# Subtropical attempt at Bermuda renovation



## Stephan (1 mo ago)

1/4 acre duplex in Brownsville TX, started with a lumpy sod install of 50% St. Augustine, 25% common Bermuda, and 25% crabgrass. 














Didn't keep good records but did rudimentary leveling, fertilizing, and overseeding with whatever Bermuda it is Lowe's sells. Hit the crab and Aug with quinclorac; by the end of the hot season it was more like 65% Bermuda with a lot of bare spots. Removed tons of dead St. Aug debris. I'm pretty far from caring about the various strains not matching.

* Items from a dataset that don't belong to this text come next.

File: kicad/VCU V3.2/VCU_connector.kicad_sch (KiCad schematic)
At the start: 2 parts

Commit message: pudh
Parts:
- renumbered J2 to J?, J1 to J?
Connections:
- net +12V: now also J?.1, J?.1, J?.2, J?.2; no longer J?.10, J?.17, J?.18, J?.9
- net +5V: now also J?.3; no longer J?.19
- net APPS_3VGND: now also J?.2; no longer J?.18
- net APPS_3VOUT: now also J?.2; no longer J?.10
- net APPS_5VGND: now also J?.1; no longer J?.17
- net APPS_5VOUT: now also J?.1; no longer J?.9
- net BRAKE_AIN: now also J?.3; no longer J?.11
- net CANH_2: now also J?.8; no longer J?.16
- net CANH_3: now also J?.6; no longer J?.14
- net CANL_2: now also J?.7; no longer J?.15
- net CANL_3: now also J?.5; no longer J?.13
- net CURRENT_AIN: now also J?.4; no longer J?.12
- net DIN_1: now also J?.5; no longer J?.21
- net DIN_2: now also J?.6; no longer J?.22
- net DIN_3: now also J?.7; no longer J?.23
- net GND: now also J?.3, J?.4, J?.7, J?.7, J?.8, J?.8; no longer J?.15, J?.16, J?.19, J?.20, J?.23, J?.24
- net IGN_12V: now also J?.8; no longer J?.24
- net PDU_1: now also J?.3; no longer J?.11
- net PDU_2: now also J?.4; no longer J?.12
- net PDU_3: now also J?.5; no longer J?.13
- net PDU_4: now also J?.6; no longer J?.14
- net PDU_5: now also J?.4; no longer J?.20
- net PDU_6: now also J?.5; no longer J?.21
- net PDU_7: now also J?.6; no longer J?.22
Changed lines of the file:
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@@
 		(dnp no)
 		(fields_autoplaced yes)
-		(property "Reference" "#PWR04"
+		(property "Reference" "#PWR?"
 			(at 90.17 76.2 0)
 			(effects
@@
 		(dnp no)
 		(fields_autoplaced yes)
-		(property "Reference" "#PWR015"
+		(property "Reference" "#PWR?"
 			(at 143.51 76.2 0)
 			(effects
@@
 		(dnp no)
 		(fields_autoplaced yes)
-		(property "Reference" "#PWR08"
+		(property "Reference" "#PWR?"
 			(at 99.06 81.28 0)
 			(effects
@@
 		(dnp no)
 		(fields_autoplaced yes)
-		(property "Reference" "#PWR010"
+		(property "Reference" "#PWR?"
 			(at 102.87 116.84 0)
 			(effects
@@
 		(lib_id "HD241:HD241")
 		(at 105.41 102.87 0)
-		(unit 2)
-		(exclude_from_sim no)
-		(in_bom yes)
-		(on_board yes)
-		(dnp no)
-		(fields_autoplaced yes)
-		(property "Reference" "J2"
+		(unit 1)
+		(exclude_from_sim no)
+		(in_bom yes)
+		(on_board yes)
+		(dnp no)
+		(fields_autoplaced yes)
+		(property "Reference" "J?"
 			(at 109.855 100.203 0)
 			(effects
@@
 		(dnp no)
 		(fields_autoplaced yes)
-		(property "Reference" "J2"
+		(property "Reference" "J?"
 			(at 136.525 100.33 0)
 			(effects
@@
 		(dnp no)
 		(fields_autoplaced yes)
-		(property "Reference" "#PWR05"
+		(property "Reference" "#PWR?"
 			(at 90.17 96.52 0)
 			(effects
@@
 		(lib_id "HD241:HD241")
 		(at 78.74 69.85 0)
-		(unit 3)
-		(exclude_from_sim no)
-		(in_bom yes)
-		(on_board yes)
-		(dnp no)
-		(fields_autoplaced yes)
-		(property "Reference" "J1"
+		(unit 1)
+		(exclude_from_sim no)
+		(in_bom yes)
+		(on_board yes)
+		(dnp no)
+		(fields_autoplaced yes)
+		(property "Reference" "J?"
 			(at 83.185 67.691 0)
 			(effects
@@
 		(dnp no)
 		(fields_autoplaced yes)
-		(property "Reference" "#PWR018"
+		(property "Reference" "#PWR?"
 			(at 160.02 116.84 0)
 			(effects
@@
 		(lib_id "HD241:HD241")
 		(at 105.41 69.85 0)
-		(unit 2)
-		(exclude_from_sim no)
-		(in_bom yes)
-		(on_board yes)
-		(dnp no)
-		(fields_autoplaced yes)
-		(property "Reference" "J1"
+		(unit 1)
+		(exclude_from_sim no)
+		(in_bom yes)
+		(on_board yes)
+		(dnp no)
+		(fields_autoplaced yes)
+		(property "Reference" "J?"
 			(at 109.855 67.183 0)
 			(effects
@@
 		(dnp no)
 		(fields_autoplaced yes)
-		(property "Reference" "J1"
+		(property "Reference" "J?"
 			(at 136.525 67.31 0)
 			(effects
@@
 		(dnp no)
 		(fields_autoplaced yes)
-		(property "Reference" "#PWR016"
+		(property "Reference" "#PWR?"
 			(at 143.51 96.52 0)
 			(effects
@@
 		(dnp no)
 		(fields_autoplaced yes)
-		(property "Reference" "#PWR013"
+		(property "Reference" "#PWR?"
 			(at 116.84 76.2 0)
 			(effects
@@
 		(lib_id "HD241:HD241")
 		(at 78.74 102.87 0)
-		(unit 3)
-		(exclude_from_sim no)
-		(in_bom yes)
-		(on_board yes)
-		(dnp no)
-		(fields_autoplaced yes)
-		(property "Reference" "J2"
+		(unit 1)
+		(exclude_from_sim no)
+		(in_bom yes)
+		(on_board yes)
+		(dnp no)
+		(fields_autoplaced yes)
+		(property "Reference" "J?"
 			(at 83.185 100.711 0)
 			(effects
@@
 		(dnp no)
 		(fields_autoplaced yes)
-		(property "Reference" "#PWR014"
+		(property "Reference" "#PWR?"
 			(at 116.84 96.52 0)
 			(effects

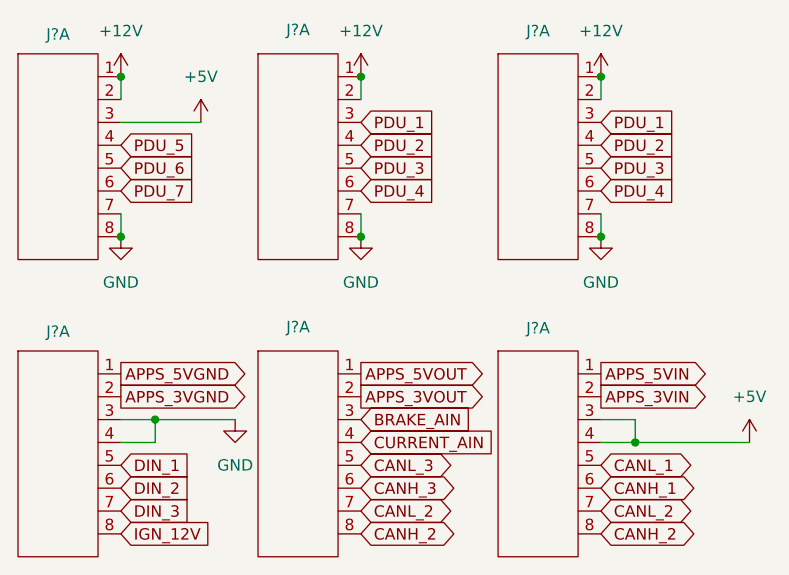
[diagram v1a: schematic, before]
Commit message: what
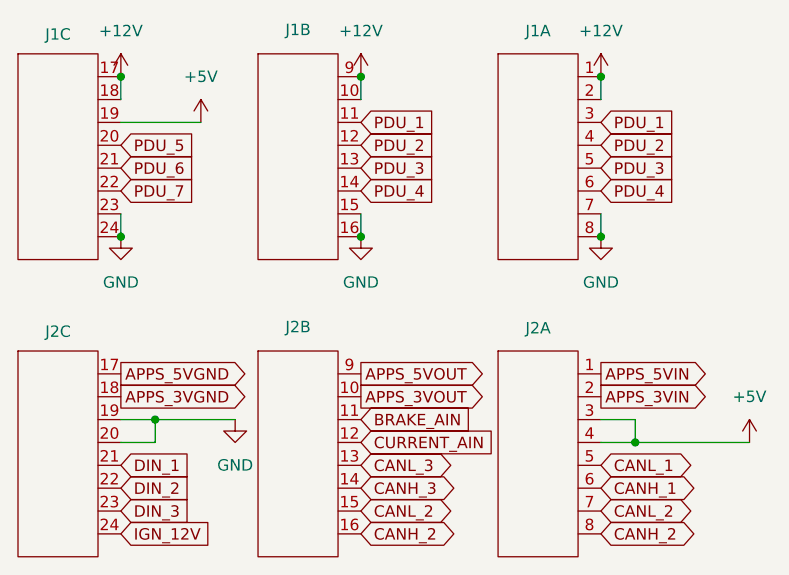
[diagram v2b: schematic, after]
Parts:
- gave numbers to parts that had none: 2
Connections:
- net +12V: now also J1.10, J1.17, J1.18, J1.9; no longer J1.1, J1.1, J1.2, J1.2
- net +5V: now also J1.19; no longer J1.3
- net APPS_3VGND: now also J2.18; no longer J2.2
- net APPS_3VOUT: now also J2.10; no longer J2.2
- net APPS_5VGND: now also J2.17; no longer J2.1
- net APPS_5VOUT: now also J2.9; no longer J2.1
- net BRAKE_AIN: now also J2.11; no longer J2.3
- net CANH_2: now also J2.16; no longer J2.8
- net CANH_3: now also J2.14; no longer J2.6
- net CANL_2: now also J2.15; no longer J2.7
- net CANL_3: now also J2.13; no longer J2.5
- net CURRENT_AIN: now also J2.12; no longer J2.4
- net DIN_1: now also J2.21; no longer J2.5
- net DIN_2: now also J2.22; no longer J2.6
- net DIN_3: now also J2.23; no longer J2.7
- net GND: now also J1.15, J1.16, J1.23, J1.24, J2.19, J2.20; no longer J1.7, J1.7, J1.8, J1.8, J2.3, J2.4
- net IGN_12V: now also J2.24; no longer J2.8
- net PDU_1: now also J1.11; no longer J1.3
- net PDU_2: now also J1.12; no longer J1.4
- net PDU_3: now also J1.13; no longer J1.5
- net PDU_4: now also J1.14; no longer J1.6
- net PDU_5: now also J1.20; no longer J1.4
- net PDU_6: now also J1.21; no longer J1.5
- net PDU_7: now also J1.22; no longer J1.6
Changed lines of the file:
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@@
 		(dnp no)
 		(fields_autoplaced yes)
-		(property "Reference" "#PWR?"
+		(property "Reference" "#PWR04"
 			(at 90.17 76.2 0)
 			(effects
@@
 		(dnp no)
 		(fields_autoplaced yes)
-		(property "Reference" "#PWR?"
+		(property "Reference" "#PWR015"
 			(at 143.51 76.2 0)
 			(effects
@@
 		(dnp no)
 		(fields_autoplaced yes)
-		(property "Reference" "#PWR?"
+		(property "Reference" "#PWR08"
 			(at 99.06 81.28 0)
 			(effects
@@
 		(dnp no)
 		(fields_autoplaced yes)
-		(property "Reference" "#PWR?"
+		(property "Reference" "#PWR010"
 			(at 102.87 116.84 0)
 			(effects
@@
 		(lib_id "HD241:HD241")
 		(at 105.41 102.87 0)
-		(unit 1)
-		(exclude_from_sim no)
-		(in_bom yes)
-		(on_board yes)
-		(dnp no)
-		(fields_autoplaced yes)
-		(property "Reference" "J?"
+		(unit 2)
+		(exclude_from_sim no)
+		(in_bom yes)
+		(on_board yes)
+		(dnp no)
+		(fields_autoplaced yes)
+		(property "Reference" "J2"
 			(at 109.855 100.203 0)
 			(effects
@@
 		(dnp no)
 		(fields_autoplaced yes)
-		(property "Reference" "J?"
+		(property "Reference" "J2"
 			(at 136.525 100.33 0)
 			(effects
@@
 		(dnp no)
 		(fields_autoplaced yes)
-		(property "Reference" "#PWR?"
+		(property "Reference" "#PWR05"
 			(at 90.17 96.52 0)
 			(effects
@@
 		(lib_id "HD241:HD241")
 		(at 78.74 69.85 0)
-		(unit 1)
-		(exclude_from_sim no)
-		(in_bom yes)
-		(on_board yes)
-		(dnp no)
-		(fields_autoplaced yes)
-		(property "Reference" "J?"
+		(unit 3)
+		(exclude_from_sim no)
+		(in_bom yes)
+		(on_board yes)
+		(dnp no)
+		(fields_autoplaced yes)
+		(property "Reference" "J1"
 			(at 83.185 67.691 0)
 			(effects
@@
 		(dnp no)
 		(fields_autoplaced yes)
-		(property "Reference" "#PWR?"
+		(property "Reference" "#PWR018"
 			(at 160.02 116.84 0)
 			(effects
@@
 		(lib_id "HD241:HD241")
 		(at 105.41 69.85 0)
-		(unit 1)
-		(exclude_from_sim no)
-		(in_bom yes)
-		(on_board yes)
-		(dnp no)
-		(fields_autoplaced yes)
-		(property "Reference" "J?"
+		(unit 2)
+		(exclude_from_sim no)
+		(in_bom yes)
+		(on_board yes)
+		(dnp no)
+		(fields_autoplaced yes)
+		(property "Reference" "J1"
 			(at 109.855 67.183 0)
 			(effects
@@
 		(dnp no)
 		(fields_autoplaced yes)
-		(property "Reference" "J?"
+		(property "Reference" "J1"
 			(at 136.525 67.31 0)
 			(effects
@@
 		(dnp no)
 		(fields_autoplaced yes)
-		(property "Reference" "#PWR?"
+		(property "Reference" "#PWR016"
 			(at 143.51 96.52 0)
 			(effects
@@
 		(dnp no)
 		(fields_autoplaced yes)
-		(property "Reference" "#PWR?"
+		(property "Reference" "#PWR013"
 			(at 116.84 76.2 0)
 			(effects
@@
 		(lib_id "HD241:HD241")
 		(at 78.74 102.87 0)
-		(unit 1)
-		(exclude_from_sim no)
-		(in_bom yes)
-		(on_board yes)
-		(dnp no)
-		(fields_autoplaced yes)
-		(property "Reference" "J?"
+		(unit 3)
+		(exclude_from_sim no)
+		(in_bom yes)
+		(on_board yes)
+		(dnp no)
+		(fields_autoplaced yes)
+		(property "Reference" "J2"
 			(at 83.185 100.711 0)
 			(effects
@@
 		(dnp no)
 		(fields_autoplaced yes)
-		(property "Reference" "#PWR?"
+		(property "Reference" "#PWR014"
 			(at 116.84 96.52 0)
 			(effects

Overseeded ARG for the winter, still not sure if that was a great idea but birds ate most of it anyway. At least it's keeping a couple large bare patches from becoming mud pits.









Haven't done much since the cold snap but the Bermuda is still putting out seed heads/runners; the ARG looks awful but better than dirt I suppose. Still have some stubborn crabgrass patches. 

Rough plan is aggressive pre emergent (crab is a real plague here, plus it's exacerbating the lumpiness) and landscaping till it gets hot, then encourage a full Bermuda takeover. Might have enough healthy bits to to some plug transplanting, or do a more properly watered overseed.


----------